Records to process Start Marker

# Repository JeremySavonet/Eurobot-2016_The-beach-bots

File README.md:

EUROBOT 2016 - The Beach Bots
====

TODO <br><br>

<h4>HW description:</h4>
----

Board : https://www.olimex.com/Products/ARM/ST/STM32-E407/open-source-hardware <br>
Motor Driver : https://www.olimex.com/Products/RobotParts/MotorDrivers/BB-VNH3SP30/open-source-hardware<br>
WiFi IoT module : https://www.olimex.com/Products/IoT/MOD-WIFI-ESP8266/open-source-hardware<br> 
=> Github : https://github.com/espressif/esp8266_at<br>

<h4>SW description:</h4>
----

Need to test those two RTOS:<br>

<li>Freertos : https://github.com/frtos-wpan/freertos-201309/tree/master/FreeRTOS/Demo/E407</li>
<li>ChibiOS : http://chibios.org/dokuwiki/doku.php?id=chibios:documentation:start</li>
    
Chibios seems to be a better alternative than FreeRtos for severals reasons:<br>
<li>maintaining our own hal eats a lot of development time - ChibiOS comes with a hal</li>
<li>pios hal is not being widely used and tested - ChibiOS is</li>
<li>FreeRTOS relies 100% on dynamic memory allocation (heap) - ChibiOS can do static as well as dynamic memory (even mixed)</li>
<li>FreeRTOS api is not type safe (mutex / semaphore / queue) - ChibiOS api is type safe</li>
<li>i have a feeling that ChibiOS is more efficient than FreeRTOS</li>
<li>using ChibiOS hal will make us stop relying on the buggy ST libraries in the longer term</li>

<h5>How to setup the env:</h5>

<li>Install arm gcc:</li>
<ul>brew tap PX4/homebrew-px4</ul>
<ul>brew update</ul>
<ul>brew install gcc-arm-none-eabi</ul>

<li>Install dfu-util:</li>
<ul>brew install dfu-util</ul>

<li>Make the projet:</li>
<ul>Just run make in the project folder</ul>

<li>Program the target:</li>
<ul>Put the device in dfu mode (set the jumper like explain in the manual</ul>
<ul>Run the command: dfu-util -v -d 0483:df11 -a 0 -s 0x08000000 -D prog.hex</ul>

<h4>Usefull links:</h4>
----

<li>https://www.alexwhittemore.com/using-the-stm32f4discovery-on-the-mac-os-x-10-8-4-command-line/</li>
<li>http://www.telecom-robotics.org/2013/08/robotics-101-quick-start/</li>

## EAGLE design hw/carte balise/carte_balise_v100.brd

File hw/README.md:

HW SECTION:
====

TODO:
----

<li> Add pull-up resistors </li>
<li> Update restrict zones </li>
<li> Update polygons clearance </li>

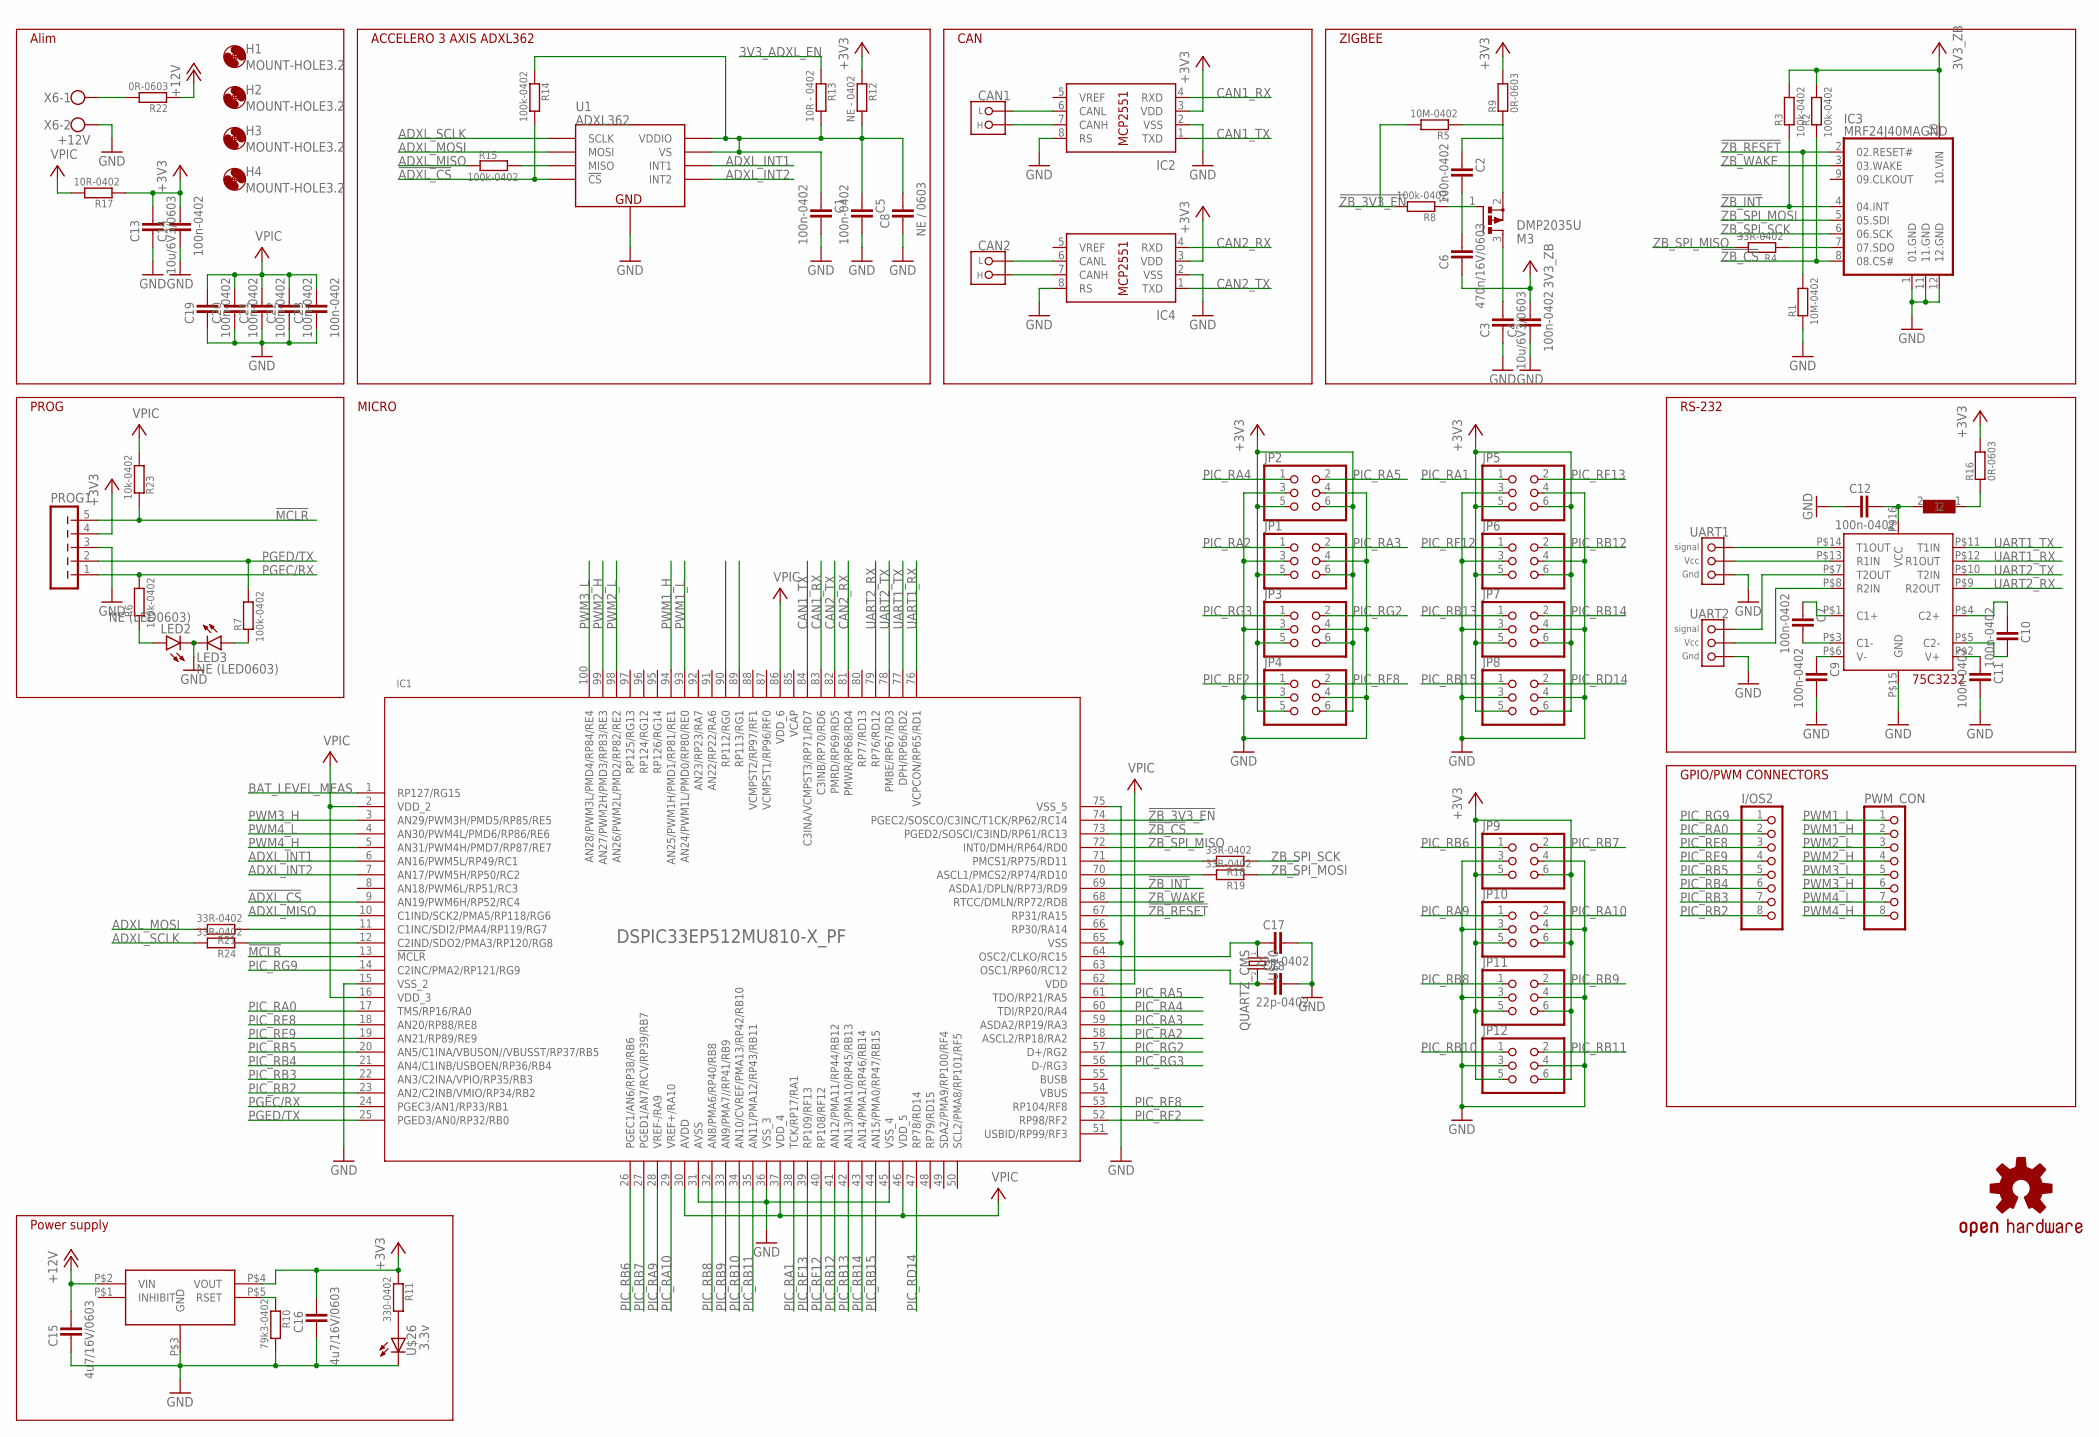
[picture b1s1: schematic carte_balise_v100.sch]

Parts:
C1, C2, C4, C5, C7, C9, C10, C11, C12, C14, C19, C20, C21, C22, C23: 100n-0402; 0402K
C3, C13: 10u/6V3/0603; 0603K
C6: 470n/16V/0603; 0603K
C8: NE / 0603; 0603K
C15, C16: 4u7/16V/0603; 0603K
C17, C18: 22p-0402; 0402K
CAN1, CAN2: CONNECT_CAN
H1, H2, H3, H4: MOUNT-HOLE3.2; 3,2
I/OS2: PINHD-1X08_2.54; 1X08
IC1: DSPIC33EP512MU810-X_PF; TQFP100_14X14MC
IC2, IC4: MCP2551/SN; SO08
IC3: MRF24J40MAGND; MRF24J40MA_2
JP1, JP2, JP3, JP4, JP5, JP6, JP7, JP8, JP9, JP10, JP11, JP12: PINHD-2X3; 2X03
LED2, LED3: NE (LED0603); 0603K
M3: DMP2035U; SOT23-3
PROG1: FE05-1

Records to process End Marker

### Assignment
For the data above, set down exactly the lines from the line with "<li>Install arm gcc:</li>" to the line with "CAN1, CAN2: CONNECT_CAN", both included, leaving pictures out.

### Response below
<li>Install arm gcc:</li>
<ul>brew tap PX4/homebrew-px4</ul>
<ul>brew update</ul>
<ul>brew install gcc-arm-none-eabi</ul>

<li>Install dfu-util:</li>
<ul>brew install dfu-util</ul>

<li>Make the projet:</li>
<ul>Just run make in the project folder</ul>

<li>Program the target:</li>
<ul>Put the device in dfu mode (set the jumper like explain in the manual</ul>
<ul>Run the command: dfu-util -v -d 0483:df11 -a 0 -s 0x08000000 -D prog.hex</ul>

<h4>Usefull links:</h4>
----

<li>https://www.alexwhittemore.com/using-the-stm32f4discovery-on-the-mac-os-x-10-8-4-command-line/</li>
<li>http://www.telecom-robotics.org/2013/08/robotics-101-quick-start/</li>

## EAGLE design hw/carte balise/carte_balise_v100.brd

File hw/README.md:

HW SECTION:
====

TODO:
----

<li> Add pull-up resistors </li>
<li> Update restrict zones </li>
<li> Update polygons clearance </li>

[picture b1s1: schematic carte_balise_v100.sch]

Parts:
C1, C2, C4, C5, C7, C9, C10, C11, C12, C14, C19, C20, C21, C22, C23: 100n-0402; 0402K
C3, C13: 10u/6V3/0603; 0603K
C6: 470n/16V/0603; 0603K
C8: NE / 0603; 0603K
C15, C16: 4u7/16V/0603; 0603K
C17, C18: 22p-0402; 0402K
CAN1, CAN2: CONNECT_CAN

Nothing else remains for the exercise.